Jmod is an open-source Java library for community structure detection in networks that can be easily integrated in third-party applications. Jmod implements several algorithms including a novel consensus community detection method that we have developed for identifying functional modules in transcriptional networks. Jmod is also available as a standalone application with both graphical and command-line user interfaces.
The second goal of this project is to provide an intuitive and complete environment for developing novel community detection methods. Jmod implements several benchmarks and metrics for evaluating the performance of these methods. A variety of additional tools allow researchers to focus on the development of novel methods and spend less time on common aspects of community detection (e.g., reading network structures, implementing standard metrics, etc.).
In silico benchmark generation and performance profiling of network inference methods
Numerous methods have been developed for reverse engineering gene regulatory networks from expression data. Unraveling and modeling these networks is of primary importance for improving our understanding of biological organisms. However, both their absolute and comparative performance remain poorly understood. The aim of this project is to provide benchmarks and tools for rigorous testing of methods for gene network inference.
Our framework is available as an open-source and user-friendly software application called GeneNetWeaver (GNW). GNW is the first tool that provides methods for both in silico benchmark generation and performance profiling of network reconstruction algorithms.
Detailed models of gene regulatory networks are generated in just a few clicks. Their structure is extracted from known transcriptional networks (E. coli, S. cerevisiae, etc.) before being endowed with detailed dynamical models of gene regulation accounting for both transcription and translation, independent and synergistic interactions, as well as molecular and measurement noise.

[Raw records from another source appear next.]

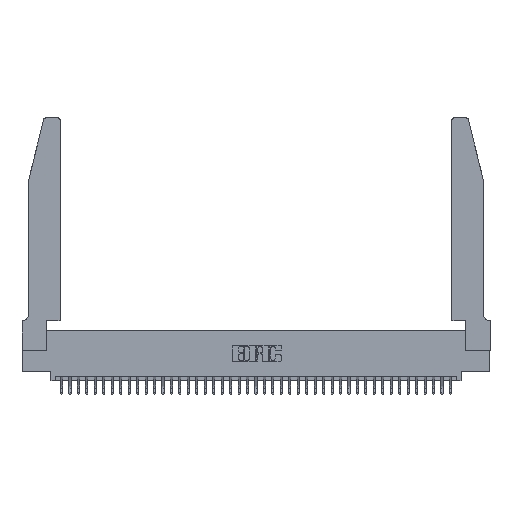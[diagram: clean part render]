
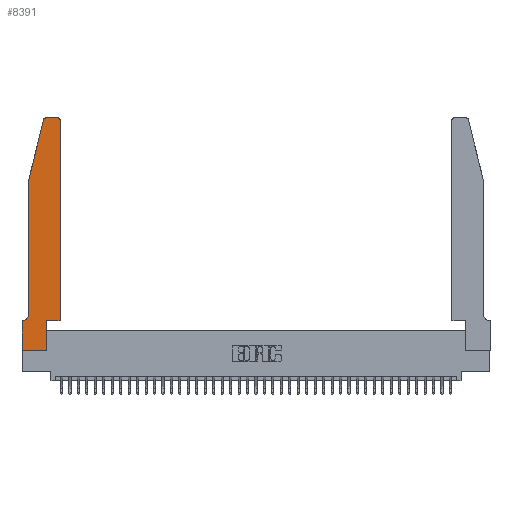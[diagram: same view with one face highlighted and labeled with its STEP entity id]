
A CAD part, top view. The second image highlights one B-rep face of the part: STEP entity #8391.
In plain terms, the highlighted planar face has unit normal (0, 0, 1).
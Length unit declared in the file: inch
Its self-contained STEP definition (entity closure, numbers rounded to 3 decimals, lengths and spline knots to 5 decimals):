
#564 = EDGE_CURVE ( 'NONE', #37537, #26704, #40544, .T. ) ;
#820 = VERTEX_POINT ( 'NONE', #9853 ) ;
#925 = EDGE_LOOP ( 'NONE', ( #30805, #3772, #18704, #6136, #3249, #19908, #12584, #22746, #27947, #5824, #38264, #28525 ) ) ;
#1110 = EDGE_CURVE ( 'NONE', #21241, #22371, #29023, .T. ) ;
#1163 = DIRECTION ( 'NONE',  ( 0., -1., 0. ) ) ;
#1851 = DIRECTION ( 'NONE',  ( 0., 1., 0. ) ) ;
#3249 = ORIENTED_EDGE ( 'NONE', *, *, #34581, .T. ) ;
#3772 = ORIENTED_EDGE ( 'NONE', *, *, #7896, .T. ) ;
#4505 = VECTOR ( 'NONE', #26457, 39.37008 ) ;
#4605 = FACE_OUTER_BOUND ( 'NONE', #925, .T. ) ;
#4888 = CARTESIAN_POINT ( 'NONE',  ( 0.0055, 0.35, 0.37 ) ) ;
#5824 = ORIENTED_EDGE ( 'NONE', *, *, #18823, .T. ) ;
#6136 = ORIENTED_EDGE ( 'NONE', *, *, #32807, .T. ) ;
#6196 = CARTESIAN_POINT ( 'NONE',  ( 0.0055, 0.42, 0.37 ) ) ;
#6326 = CARTESIAN_POINT ( 'NONE',  ( 0.4505, 0.35, 0.37 ) ) ;
#6330 = CARTESIAN_POINT ( 'NONE',  ( 0.2605, 2.75, 0.37 ) ) ;
#6748 = CARTESIAN_POINT ( 'NONE',  ( 0.284, 2.72, 0.37 ) ) ;
#7896 = EDGE_CURVE ( 'NONE', #20754, #21241, #21163, .T. ) ;
#8391 = ADVANCED_FACE ( 'NONE', ( #4605 ), #11745, .T. ) ;
#8932 = DIRECTION ( 'NONE',  ( 0., -1., 0. ) ) ;
#9017 = CARTESIAN_POINT ( 'NONE',  ( 0.0755, 2., 0.37 ) ) ;
#9705 = EDGE_CURVE ( 'NONE', #31782, #20754, #16953, .T. ) ;
#9853 = CARTESIAN_POINT ( 'NONE',  ( 0.2865, 0., 0.37 ) ) ;
#10249 = CARTESIAN_POINT ( 'NONE',  ( 0.4505, 2.72, 0.37 ) ) ;
#10651 = CARTESIAN_POINT ( 'NONE',  ( 0.0755, 0.35, 0.37 ) ) ;
#10666 = LINE ( 'NONE', #27114, #27175 ) ;
#10800 = CARTESIAN_POINT ( 'NONE',  ( 0., 0., 0.37 ) ) ;
#10898 = VECTOR ( 'NONE', #24678, 39.37008 ) ;
#11104 = AXIS2_PLACEMENT_3D ( 'NONE', #34061, #21379, #21505 ) ;
#11204 = CARTESIAN_POINT ( 'NONE',  ( 0., 0.35, 0.37 ) ) ;
#11224 = CARTESIAN_POINT ( 'NONE',  ( 0.284, 2.75, 0.37 ) ) ;
#11431 = EDGE_CURVE ( 'NONE', #820, #29256, #38396, .T. ) ;
#11745 = PLANE ( 'NONE',  #11104 ) ;
#11847 = VERTEX_POINT ( 'NONE', #23125 ) ;
#12584 = ORIENTED_EDGE ( 'NONE', *, *, #564, .T. ) ;
#12810 = LINE ( 'NONE', #34198, #13292 ) ;
#13292 = VECTOR ( 'NONE', #8932, 39.37008 ) ;
#14307 = CARTESIAN_POINT ( 'NONE',  ( 0.0755, 0.42, 0.37 ) ) ;
#14929 = VECTOR ( 'NONE', #19139, 39.37008 ) ;
#15328 = EDGE_CURVE ( 'NONE', #20118, #31782, #17637, .T. ) ;
#16712 = AXIS2_PLACEMENT_3D ( 'NONE', #6748, #35621, #38853 ) ;
#16953 = LINE ( 'NONE', #6330, #26510 ) ;
#17637 = CIRCLE ( 'NONE', #28160, 0.03 ) ;
#17980 = VECTOR ( 'NONE', #23520, 39.37008 ) ;
#18704 = ORIENTED_EDGE ( 'NONE', *, *, #1110, .T. ) ;
#18823 = EDGE_CURVE ( 'NONE', #29256, #11847, #22903, .T. ) ;
#18946 = LINE ( 'NONE', #10651, #4505 ) ;
#19139 = DIRECTION ( 'NONE',  ( 1., 0., 0. ) ) ;
#19870 = DIRECTION ( 'NONE',  ( 1., 0., 0. ) ) ;
#19908 = ORIENTED_EDGE ( 'NONE', *, *, #27041, .T. ) ;
#20105 = CARTESIAN_POINT ( 'NONE',  ( 0., 0., 0.37 ) ) ;
#20118 = VERTEX_POINT ( 'NONE', #10249 ) ;
#20593 = CARTESIAN_POINT ( 'NONE',  ( 0.0755, 2., 0.37 ) ) ;
#20754 = VERTEX_POINT ( 'NONE', #11224 ) ;
#21163 = CIRCLE ( 'NONE', #16712, 0.03 ) ;
#21241 = VERTEX_POINT ( 'NONE', #28962 ) ;
#21379 = DIRECTION ( 'NONE',  ( 0., 0., 1. ) ) ;
#21505 = DIRECTION ( 'NONE',  ( 1., 0., 0. ) ) ;
#21678 = DIRECTION ( 'NONE',  ( -1., 0., 0. ) ) ;
#22371 = VERTEX_POINT ( 'NONE', #9017 ) ;
#22732 = EDGE_CURVE ( 'NONE', #26704, #820, #37505, .T. ) ;
#22746 = ORIENTED_EDGE ( 'NONE', *, *, #22732, .T. ) ;
#22903 = LINE ( 'NONE', #6326, #14929 ) ;
#23125 = CARTESIAN_POINT ( 'NONE',  ( 0.4505, 0.35, 0.37 ) ) ;
#23520 = DIRECTION ( 'NONE',  ( 1., 0., 0. ) ) ;
#23543 = VECTOR ( 'NONE', #1163, 39.37008 ) ;
#23939 = DIRECTION ( 'NONE',  ( -0.239, -0.971, 0. ) ) ;
#24325 = AXIS2_PLACEMENT_3D ( 'NONE', #6196, #38026, #28554 ) ;
#24531 = EDGE_CURVE ( 'NONE', #11847, #20118, #10666, .T. ) ;
#24634 = CIRCLE ( 'NONE', #24325, 0.07 ) ;
#24678 = DIRECTION ( 'NONE',  ( 0., 1., 0. ) ) ;
#26457 = DIRECTION ( 'NONE',  ( -1., 0., 0. ) ) ;
#26510 = VECTOR ( 'NONE', #21678, 39.37008 ) ;
#26704 = VERTEX_POINT ( 'NONE', #34560 ) ;
#27041 = EDGE_CURVE ( 'NONE', #39978, #37537, #18946, .T. ) ;
#27092 = CARTESIAN_POINT ( 'NONE',  ( 0.2865, 0.35, 0.37 ) ) ;
#27114 = CARTESIAN_POINT ( 'NONE',  ( 0.4505, 0.35, 0.37 ) ) ;
#27175 = VECTOR ( 'NONE', #1851, 39.37008 ) ;
#27859 = CARTESIAN_POINT ( 'NONE',  ( 0.2865, 0.35, 0.37 ) ) ;
#27947 = ORIENTED_EDGE ( 'NONE', *, *, #11431, .T. ) ;
#28160 = AXIS2_PLACEMENT_3D ( 'NONE', #36211, #39430, #19870 ) ;
#28525 = ORIENTED_EDGE ( 'NONE', *, *, #15328, .T. ) ;
#28554 = DIRECTION ( 'NONE',  ( -1., 0., 0. ) ) ;
#28709 = VERTEX_POINT ( 'NONE', #14307 ) ;
#28962 = CARTESIAN_POINT ( 'NONE',  ( 0.25487, 2.72718, 0.37 ) ) ;
#29023 = LINE ( 'NONE', #20593, #32002 ) ;
#29256 = VERTEX_POINT ( 'NONE', #27859 ) ;
#30805 = ORIENTED_EDGE ( 'NONE', *, *, #9705, .T. ) ;
#31782 = VERTEX_POINT ( 'NONE', #38195 ) ;
#32002 = VECTOR ( 'NONE', #23939, 39.37008 ) ;
#32807 = EDGE_CURVE ( 'NONE', #22371, #28709, #12810, .T. ) ;
#34061 = CARTESIAN_POINT ( 'NONE',  ( 0., 0.35, 0.37 ) ) ;
#34198 = CARTESIAN_POINT ( 'NONE',  ( 0.0755, 2., 0.37 ) ) ;
#34560 = CARTESIAN_POINT ( 'NONE',  ( 0., 0., 0.37 ) ) ;
#34581 = EDGE_CURVE ( 'NONE', #28709, #39978, #24634, .T. ) ;
#35621 = DIRECTION ( 'NONE',  ( 0., 0., 1. ) ) ;
#36211 = CARTESIAN_POINT ( 'NONE',  ( 0.4205, 2.72, 0.37 ) ) ;
#37505 = LINE ( 'NONE', #10800, #17980 ) ;
#37537 = VERTEX_POINT ( 'NONE', #11204 ) ;
#38026 = DIRECTION ( 'NONE',  ( 0., 0., -1. ) ) ;
#38195 = CARTESIAN_POINT ( 'NONE',  ( 0.4205, 2.75, 0.37 ) ) ;
#38264 = ORIENTED_EDGE ( 'NONE', *, *, #24531, .T. ) ;
#38396 = LINE ( 'NONE', #27092, #10898 ) ;
#38853 = DIRECTION ( 'NONE',  ( 1., 0., 0. ) ) ;
#39430 = DIRECTION ( 'NONE',  ( 0., 0., 1. ) ) ;
#39978 = VERTEX_POINT ( 'NONE', #4888 ) ;
#40544 = LINE ( 'NONE', #20105, #23543 ) ;

We have used GNW to organize three editions of the DREAM challenge, an annual community-wide network inference challenge. In this context, GNW was used to identify systematic errors of network inference algorithms, thus providing useful insights into how to improve their performance.
Observation and interaction in experimental environments
Distinguishing subpopulations in group behavioral experiments can reveal the impact of differences in genetic, pharmacological and life-histories on social interactions and decision-making. We have developed Fluorescence Behavioral Imaging (FBI), a toolkit that uses transgenic fluorescence to discriminate subpopulations, imaging hardware that simultaneously records behavior and fluorescence expression, and open-source software for automated, high-accuracy determination of genetic identity.
Scalable reverse engineering of nonlinear gene networks
The effective reverse engineering of gene regulatory networks is one of the great challenges of systems biology and is expected to have substantial impact on the pharmaceutical and biotech industries in the next decades. A gene network is formed by regulatory genes, which code for proteins that enhance or inhibit the expression of other regulatory and/or non-regulatory genes, thereby forming a complex web of interactions. The goal of reverse engineering is to automatically identify such a network from experimental data. In this project,
I have developed a reverse engineering algorithm capable of generating predictive models of gene networks. These models are biologically plausible dynamical models which can be used to predict the response of the gene networks to new perturbations such as the application of a drug;
I have taken the initiative and developed a method for generating in silico benchmark networks and assess the performance of reverse engineering algorithms. This work later inspired the development of the GeneNetWeaver project;
I received the Best-poster award at the 2008 exhibition of microengineer's master projects (more than 90 participants).